[Information Boundary: Start]

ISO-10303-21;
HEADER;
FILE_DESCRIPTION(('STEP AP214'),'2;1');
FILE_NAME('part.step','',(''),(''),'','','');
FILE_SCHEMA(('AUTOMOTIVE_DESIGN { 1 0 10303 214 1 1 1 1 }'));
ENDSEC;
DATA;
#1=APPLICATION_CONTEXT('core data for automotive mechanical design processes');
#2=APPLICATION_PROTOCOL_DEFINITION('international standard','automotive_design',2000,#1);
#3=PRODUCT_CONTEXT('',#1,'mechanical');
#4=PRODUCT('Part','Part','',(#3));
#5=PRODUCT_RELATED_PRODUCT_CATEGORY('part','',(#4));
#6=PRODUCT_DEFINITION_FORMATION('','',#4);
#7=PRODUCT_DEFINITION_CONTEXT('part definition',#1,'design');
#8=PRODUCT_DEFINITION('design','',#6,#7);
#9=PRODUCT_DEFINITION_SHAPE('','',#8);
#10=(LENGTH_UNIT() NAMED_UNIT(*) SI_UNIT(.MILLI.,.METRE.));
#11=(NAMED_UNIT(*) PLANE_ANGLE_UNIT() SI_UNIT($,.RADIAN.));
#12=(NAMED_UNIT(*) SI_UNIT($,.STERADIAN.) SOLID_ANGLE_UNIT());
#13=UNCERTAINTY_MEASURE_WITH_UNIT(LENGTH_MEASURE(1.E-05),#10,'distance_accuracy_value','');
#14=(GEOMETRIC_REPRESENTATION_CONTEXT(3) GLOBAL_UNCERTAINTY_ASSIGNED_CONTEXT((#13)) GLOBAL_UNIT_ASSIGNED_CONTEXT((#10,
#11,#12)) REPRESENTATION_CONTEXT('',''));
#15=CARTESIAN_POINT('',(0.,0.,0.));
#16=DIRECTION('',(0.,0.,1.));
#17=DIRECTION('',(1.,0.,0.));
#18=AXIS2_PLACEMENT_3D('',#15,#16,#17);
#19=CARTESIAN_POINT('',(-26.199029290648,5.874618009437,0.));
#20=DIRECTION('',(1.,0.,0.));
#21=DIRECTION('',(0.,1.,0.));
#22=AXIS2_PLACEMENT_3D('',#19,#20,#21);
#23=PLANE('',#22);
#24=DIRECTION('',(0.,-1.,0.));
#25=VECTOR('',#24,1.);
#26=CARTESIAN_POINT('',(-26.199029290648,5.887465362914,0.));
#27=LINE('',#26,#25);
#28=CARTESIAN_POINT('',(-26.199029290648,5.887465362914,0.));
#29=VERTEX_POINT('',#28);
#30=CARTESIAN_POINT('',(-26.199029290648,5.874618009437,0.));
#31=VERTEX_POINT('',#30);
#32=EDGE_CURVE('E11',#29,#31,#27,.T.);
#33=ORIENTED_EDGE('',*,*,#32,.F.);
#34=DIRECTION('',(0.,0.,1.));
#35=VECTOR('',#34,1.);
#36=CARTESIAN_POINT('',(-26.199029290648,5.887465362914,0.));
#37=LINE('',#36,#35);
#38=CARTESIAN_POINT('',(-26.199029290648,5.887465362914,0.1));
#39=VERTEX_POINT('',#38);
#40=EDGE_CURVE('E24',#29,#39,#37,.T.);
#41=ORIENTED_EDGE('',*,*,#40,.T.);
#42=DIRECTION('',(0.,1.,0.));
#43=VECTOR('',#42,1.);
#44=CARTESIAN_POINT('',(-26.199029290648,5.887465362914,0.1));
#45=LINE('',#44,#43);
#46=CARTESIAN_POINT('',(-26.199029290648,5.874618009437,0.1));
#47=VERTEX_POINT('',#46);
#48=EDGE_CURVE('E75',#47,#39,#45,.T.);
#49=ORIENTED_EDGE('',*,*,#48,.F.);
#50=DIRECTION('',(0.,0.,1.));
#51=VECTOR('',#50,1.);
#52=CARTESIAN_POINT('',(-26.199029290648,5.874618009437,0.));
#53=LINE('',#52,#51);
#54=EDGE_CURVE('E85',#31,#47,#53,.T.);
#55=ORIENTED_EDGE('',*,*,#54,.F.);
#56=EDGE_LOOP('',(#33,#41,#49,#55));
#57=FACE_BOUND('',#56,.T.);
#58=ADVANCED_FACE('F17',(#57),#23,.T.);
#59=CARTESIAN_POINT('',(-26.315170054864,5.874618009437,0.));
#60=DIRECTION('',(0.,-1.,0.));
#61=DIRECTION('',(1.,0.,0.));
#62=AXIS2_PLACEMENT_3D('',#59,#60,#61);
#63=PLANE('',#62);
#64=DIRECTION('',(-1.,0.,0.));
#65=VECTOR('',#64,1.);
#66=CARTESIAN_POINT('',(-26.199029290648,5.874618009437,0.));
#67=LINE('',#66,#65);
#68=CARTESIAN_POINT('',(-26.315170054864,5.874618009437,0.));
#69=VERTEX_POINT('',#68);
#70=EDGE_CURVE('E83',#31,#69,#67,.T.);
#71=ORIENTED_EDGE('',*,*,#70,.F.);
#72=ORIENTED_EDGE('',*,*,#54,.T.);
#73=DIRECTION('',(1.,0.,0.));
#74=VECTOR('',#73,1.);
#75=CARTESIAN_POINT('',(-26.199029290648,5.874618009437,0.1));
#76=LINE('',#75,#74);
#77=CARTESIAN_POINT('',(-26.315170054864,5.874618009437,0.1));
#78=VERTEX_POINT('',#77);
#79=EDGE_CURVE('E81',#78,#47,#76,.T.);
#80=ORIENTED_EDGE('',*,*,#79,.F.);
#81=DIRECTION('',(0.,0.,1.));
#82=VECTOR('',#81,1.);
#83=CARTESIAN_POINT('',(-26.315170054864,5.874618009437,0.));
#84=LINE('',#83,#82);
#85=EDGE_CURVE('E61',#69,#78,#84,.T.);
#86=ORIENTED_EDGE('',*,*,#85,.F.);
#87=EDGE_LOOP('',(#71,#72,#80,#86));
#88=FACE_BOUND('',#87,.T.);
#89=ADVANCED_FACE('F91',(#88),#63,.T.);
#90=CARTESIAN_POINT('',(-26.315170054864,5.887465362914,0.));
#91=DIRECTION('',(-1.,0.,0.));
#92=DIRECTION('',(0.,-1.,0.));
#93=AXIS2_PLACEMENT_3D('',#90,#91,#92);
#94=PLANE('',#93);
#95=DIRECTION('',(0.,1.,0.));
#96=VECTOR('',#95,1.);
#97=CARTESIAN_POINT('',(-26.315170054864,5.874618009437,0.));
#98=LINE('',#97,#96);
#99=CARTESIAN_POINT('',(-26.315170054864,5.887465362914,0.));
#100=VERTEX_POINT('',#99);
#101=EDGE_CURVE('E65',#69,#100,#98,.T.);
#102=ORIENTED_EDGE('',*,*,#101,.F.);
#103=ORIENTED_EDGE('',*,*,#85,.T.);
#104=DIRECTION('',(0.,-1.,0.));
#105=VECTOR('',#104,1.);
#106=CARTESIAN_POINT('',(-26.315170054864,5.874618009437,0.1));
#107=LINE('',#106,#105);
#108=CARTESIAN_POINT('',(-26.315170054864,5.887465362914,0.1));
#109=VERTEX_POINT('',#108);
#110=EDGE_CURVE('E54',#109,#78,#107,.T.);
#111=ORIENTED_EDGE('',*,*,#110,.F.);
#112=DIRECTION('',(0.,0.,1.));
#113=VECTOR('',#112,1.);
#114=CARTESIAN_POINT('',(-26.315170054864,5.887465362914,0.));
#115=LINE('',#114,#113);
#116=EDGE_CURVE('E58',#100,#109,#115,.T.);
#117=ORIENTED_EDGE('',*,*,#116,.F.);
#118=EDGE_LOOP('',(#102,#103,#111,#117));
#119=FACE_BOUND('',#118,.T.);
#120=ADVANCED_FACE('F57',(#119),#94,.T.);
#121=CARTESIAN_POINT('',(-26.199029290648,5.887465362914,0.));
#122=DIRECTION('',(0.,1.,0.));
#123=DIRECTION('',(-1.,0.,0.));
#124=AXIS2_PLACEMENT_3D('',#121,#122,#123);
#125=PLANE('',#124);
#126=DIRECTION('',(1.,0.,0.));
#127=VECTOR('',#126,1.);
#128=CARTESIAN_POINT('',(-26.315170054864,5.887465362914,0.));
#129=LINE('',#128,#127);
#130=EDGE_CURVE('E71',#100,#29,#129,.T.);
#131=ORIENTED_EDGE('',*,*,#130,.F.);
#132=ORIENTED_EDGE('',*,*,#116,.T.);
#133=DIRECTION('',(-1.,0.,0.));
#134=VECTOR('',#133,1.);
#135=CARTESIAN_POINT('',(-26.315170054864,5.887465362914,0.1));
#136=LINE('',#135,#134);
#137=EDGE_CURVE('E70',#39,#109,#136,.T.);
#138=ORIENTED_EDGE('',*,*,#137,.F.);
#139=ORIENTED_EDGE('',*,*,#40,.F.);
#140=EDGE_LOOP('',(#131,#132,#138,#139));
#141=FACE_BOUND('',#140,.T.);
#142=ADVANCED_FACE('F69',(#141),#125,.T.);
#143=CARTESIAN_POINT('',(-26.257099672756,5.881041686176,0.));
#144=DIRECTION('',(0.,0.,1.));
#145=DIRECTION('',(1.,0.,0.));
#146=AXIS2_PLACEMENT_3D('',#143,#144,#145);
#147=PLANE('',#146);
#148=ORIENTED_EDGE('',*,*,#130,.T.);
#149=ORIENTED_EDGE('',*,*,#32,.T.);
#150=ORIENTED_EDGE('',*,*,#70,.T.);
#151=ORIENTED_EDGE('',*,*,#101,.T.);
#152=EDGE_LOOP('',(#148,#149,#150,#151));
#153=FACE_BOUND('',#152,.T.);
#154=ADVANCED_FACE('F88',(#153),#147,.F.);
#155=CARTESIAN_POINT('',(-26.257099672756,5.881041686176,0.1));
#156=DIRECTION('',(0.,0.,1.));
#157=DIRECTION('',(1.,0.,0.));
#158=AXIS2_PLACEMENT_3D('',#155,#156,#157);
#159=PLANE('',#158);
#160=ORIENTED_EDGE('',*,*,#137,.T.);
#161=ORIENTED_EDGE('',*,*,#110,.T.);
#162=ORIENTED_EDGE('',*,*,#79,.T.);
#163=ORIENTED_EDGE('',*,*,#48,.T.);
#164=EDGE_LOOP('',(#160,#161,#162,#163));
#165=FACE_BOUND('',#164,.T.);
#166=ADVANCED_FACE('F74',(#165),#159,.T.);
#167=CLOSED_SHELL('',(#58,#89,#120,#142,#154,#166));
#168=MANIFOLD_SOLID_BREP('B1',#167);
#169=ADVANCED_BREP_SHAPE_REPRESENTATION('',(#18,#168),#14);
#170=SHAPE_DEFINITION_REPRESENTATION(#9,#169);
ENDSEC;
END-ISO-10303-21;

[Information Boundary: End]

# Task:
Each line of the entries above that includes the string "mechanical" should be copied out.

# Task output:
#1=APPLICATION_CONTEXT('core data for automotive mechanical design processes');
#3=PRODUCT_CONTEXT('',#1,'mechanical');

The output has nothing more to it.